▸ TRY IT
Could you reproduce the lines below from the one with "# Drawn here: x" through the one with "(7.6, 333.501)], flags=0)"? Keep both ends and add nothing.

Records from a data source:
☆ ☆ ☆
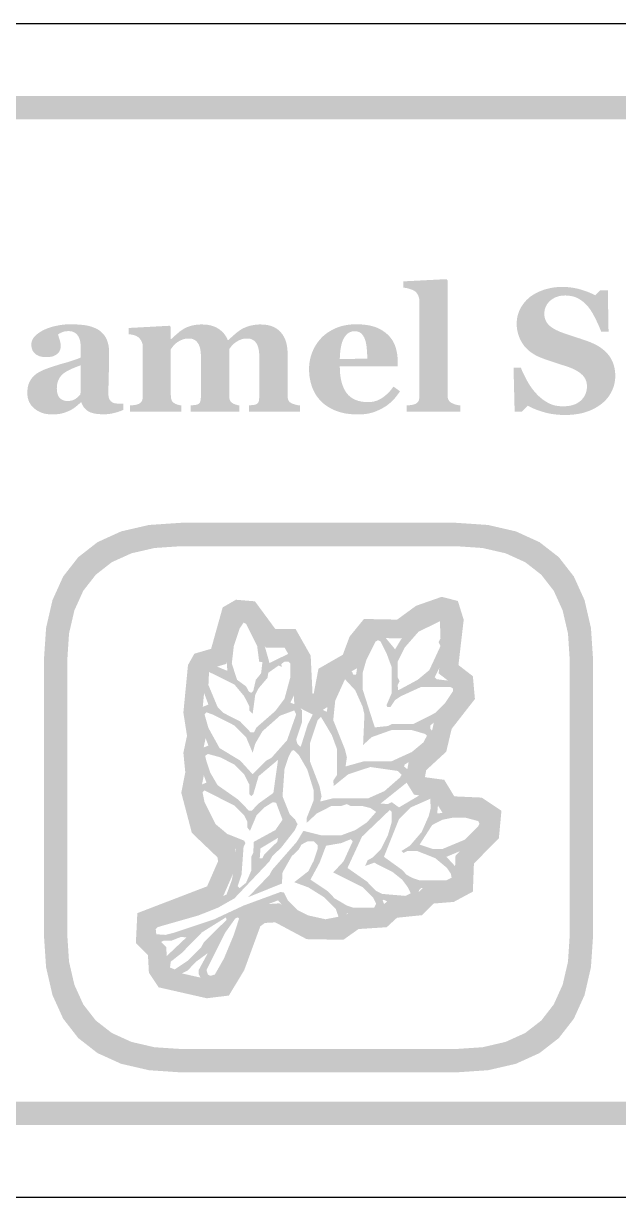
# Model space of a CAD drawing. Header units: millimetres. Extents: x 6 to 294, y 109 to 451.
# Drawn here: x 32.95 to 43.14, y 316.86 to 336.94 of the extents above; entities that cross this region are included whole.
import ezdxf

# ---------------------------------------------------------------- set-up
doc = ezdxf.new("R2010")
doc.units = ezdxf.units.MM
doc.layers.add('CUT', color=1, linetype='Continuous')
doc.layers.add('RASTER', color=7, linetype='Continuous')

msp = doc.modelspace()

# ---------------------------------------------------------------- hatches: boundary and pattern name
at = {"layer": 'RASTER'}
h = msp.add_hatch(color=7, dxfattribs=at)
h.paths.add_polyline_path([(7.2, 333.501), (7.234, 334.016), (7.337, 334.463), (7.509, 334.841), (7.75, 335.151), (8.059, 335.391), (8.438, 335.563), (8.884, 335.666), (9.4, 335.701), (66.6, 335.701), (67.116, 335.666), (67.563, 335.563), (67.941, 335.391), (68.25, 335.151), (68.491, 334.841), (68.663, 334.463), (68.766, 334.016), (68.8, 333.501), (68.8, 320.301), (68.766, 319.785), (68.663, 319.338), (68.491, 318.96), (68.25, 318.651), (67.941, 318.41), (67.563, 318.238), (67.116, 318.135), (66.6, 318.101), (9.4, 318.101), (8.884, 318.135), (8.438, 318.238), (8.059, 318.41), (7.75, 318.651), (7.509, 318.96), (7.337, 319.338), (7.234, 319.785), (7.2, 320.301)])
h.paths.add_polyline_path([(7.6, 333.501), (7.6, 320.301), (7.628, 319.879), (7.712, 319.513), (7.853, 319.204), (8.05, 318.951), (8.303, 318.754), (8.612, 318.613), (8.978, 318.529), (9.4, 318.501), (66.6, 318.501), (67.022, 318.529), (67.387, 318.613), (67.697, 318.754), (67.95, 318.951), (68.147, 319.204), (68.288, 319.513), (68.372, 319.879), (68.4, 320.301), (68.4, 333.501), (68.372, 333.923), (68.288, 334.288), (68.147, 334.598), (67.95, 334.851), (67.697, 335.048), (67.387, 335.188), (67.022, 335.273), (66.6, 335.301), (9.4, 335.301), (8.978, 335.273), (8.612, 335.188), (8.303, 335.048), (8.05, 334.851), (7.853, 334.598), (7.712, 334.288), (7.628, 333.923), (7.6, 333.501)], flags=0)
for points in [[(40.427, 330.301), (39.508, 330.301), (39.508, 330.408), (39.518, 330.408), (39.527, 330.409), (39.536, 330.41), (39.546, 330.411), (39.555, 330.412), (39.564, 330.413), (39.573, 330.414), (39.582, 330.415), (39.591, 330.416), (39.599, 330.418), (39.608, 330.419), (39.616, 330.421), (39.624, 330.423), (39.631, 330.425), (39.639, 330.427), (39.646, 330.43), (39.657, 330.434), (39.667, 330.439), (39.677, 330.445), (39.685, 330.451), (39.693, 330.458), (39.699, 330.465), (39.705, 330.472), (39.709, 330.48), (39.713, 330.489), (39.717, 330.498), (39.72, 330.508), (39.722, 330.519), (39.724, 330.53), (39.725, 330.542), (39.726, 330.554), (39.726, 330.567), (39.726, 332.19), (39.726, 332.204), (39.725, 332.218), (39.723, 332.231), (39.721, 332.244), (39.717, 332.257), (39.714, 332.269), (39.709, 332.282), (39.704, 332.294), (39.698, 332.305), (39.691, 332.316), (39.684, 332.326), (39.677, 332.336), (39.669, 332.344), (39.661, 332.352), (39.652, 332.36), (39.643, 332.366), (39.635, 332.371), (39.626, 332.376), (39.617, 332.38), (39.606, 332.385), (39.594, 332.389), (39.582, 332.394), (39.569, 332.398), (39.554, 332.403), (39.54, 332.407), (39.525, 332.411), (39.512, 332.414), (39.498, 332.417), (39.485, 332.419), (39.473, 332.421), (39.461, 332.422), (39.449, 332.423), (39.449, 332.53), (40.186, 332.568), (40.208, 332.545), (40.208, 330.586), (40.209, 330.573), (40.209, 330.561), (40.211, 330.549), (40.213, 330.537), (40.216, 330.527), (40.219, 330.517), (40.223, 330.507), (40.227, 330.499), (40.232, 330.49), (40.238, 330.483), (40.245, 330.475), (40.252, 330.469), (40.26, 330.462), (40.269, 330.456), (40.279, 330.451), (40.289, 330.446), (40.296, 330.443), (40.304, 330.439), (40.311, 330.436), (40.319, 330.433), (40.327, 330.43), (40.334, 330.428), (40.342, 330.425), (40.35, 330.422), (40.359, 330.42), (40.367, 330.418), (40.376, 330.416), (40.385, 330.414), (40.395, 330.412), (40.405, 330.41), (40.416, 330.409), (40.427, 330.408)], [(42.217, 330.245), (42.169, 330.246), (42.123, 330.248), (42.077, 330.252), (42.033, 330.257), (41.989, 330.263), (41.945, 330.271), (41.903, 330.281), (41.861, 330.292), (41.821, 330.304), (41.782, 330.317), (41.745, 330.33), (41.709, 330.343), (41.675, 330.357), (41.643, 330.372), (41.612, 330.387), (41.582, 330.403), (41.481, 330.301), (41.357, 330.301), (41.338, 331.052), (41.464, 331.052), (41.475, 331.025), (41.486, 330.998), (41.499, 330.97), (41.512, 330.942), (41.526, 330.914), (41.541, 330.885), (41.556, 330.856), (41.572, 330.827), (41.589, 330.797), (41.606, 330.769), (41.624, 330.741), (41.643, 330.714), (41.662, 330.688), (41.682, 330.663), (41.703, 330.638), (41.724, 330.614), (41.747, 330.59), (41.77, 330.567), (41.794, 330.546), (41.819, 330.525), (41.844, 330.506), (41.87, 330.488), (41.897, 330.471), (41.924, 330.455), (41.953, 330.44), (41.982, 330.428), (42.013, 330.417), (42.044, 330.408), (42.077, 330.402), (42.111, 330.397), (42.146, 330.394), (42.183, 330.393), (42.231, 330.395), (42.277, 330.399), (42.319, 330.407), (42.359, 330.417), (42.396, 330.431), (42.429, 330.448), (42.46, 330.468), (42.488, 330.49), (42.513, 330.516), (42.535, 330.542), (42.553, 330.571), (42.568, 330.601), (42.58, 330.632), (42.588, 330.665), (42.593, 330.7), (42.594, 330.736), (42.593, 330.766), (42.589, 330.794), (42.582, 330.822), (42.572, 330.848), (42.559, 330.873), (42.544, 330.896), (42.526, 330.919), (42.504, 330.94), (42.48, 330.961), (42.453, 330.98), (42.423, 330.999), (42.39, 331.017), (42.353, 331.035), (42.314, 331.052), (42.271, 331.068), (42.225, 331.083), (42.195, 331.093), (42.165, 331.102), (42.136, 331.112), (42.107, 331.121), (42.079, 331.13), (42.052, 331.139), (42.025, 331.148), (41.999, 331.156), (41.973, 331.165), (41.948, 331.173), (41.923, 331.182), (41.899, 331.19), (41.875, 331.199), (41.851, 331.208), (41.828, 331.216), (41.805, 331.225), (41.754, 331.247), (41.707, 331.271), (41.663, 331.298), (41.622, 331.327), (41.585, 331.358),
☆ ☆ ☆
▸ ANSWER SPACE
# Drawn here: x 32.95 to 43.14, y 316.86 to 336.94 of the extents above; entities that cross this region are included whole.
import ezdxf

# ---------------------------------------------------------------- set-up
doc = ezdxf.new("R2010")
doc.units = ezdxf.units.MM
doc.layers.add('CUT', color=1, linetype='Continuous')
doc.layers.add('RASTER', color=7, linetype='Continuous')

msp = doc.modelspace()

# ---------------------------------------------------------------- hatches: boundary and pattern name
at = {"layer": 'RASTER'}
h = msp.add_hatch(color=7, dxfattribs=at)
h.paths.add_polyline_path([(7.2, 333.501), (7.234, 334.016), (7.337, 334.463), (7.509, 334.841), (7.75, 335.151), (8.059, 335.391), (8.438, 335.563), (8.884, 335.666), (9.4, 335.701), (66.6, 335.701), (67.116, 335.666), (67.563, 335.563), (67.941, 335.391), (68.25, 335.151), (68.491, 334.841), (68.663, 334.463), (68.766, 334.016), (68.8, 333.501), (68.8, 320.301), (68.766, 319.785), (68.663, 319.338), (68.491, 318.96), (68.25, 318.651), (67.941, 318.41), (67.563, 318.238), (67.116, 318.135), (66.6, 318.101), (9.4, 318.101), (8.884, 318.135), (8.438, 318.238), (8.059, 318.41), (7.75, 318.651), (7.509, 318.96), (7.337, 319.338), (7.234, 319.785), (7.2, 320.301)])
h.paths.add_polyline_path([(7.6, 333.501), (7.6, 320.301), (7.628, 319.879), (7.712, 319.513), (7.853, 319.204), (8.05, 318.951), (8.303, 318.754), (8.612, 318.613), (8.978, 318.529), (9.4, 318.501), (66.6, 318.501), (67.022, 318.529), (67.387, 318.613), (67.697, 318.754), (67.95, 318.951), (68.147, 319.204), (68.288, 319.513), (68.372, 319.879), (68.4, 320.301), (68.4, 333.501), (68.372, 333.923), (68.288, 334.288), (68.147, 334.598), (67.95, 334.851), (67.697, 335.048), (67.387, 335.188), (67.022, 335.273), (66.6, 335.301), (9.4, 335.301), (8.978, 335.273), (8.612, 335.188), (8.303, 335.048), (8.05, 334.851), (7.853, 334.598), (7.712, 334.288), (7.628, 333.923), (7.6, 333.501)], flags=0)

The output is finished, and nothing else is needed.